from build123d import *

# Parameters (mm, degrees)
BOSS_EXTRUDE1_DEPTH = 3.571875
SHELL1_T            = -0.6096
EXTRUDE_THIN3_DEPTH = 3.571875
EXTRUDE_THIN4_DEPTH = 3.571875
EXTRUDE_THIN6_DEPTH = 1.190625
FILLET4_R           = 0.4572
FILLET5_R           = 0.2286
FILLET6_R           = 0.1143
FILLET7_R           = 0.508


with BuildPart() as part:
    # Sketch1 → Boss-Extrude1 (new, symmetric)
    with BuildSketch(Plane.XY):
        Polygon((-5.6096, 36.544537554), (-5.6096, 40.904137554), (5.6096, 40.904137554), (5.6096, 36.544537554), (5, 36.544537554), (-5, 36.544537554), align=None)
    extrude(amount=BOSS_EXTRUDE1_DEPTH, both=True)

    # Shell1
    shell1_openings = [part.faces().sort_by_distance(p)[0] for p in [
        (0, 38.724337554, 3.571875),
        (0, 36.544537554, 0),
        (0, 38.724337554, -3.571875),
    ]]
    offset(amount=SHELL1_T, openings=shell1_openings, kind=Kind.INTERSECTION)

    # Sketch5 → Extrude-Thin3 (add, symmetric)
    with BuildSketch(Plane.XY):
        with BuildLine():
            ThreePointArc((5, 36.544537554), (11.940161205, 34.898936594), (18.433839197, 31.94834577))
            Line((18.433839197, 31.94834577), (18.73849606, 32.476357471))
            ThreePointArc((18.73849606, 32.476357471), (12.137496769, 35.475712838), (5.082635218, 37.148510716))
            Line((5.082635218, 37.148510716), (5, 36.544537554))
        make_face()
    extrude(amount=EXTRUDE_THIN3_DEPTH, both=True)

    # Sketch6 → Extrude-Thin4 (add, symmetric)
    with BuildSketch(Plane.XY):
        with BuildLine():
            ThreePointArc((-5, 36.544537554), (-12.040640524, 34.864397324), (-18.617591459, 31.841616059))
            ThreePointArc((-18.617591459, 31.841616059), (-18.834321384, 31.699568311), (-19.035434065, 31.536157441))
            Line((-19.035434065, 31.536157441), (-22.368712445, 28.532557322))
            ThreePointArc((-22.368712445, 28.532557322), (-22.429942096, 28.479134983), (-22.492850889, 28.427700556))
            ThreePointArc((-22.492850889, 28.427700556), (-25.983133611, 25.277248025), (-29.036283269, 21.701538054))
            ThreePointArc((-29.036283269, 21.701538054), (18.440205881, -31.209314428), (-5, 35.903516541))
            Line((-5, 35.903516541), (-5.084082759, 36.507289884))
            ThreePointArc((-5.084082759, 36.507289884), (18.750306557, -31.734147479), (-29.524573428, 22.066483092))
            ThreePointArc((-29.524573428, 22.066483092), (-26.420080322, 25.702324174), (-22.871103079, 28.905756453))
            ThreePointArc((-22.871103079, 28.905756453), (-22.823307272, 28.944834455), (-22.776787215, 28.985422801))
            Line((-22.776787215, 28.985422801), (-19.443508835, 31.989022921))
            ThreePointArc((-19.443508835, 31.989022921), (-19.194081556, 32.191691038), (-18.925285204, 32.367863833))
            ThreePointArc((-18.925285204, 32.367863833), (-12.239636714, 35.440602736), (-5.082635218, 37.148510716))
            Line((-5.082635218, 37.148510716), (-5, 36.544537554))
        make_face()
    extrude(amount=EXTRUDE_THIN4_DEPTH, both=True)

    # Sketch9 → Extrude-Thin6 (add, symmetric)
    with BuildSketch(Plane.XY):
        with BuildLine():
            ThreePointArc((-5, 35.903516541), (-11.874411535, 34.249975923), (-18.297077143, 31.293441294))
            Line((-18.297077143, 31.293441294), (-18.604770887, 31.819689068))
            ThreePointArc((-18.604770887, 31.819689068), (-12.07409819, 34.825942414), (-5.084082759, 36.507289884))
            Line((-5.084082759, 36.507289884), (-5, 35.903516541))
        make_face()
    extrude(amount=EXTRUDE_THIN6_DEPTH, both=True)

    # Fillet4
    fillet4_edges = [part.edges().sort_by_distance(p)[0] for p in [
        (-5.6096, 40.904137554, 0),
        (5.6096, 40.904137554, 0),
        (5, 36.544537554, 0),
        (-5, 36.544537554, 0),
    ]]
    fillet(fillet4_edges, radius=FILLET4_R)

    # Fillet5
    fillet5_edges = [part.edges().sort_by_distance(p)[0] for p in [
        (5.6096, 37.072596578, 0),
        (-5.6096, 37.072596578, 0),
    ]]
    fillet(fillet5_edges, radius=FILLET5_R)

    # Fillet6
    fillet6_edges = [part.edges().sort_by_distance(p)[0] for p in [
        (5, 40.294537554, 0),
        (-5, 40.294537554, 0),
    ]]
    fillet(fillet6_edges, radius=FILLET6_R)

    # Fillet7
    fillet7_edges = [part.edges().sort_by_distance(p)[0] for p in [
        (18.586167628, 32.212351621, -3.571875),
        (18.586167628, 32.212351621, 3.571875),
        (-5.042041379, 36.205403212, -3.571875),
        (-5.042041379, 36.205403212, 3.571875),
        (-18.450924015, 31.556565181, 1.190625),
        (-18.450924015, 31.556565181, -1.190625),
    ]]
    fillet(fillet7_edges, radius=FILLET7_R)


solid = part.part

################

▶ [Task statement]:
Note how many lines in the listing above hold the string "both", then give only that figure.

▶ [Answer to the exercise]:
4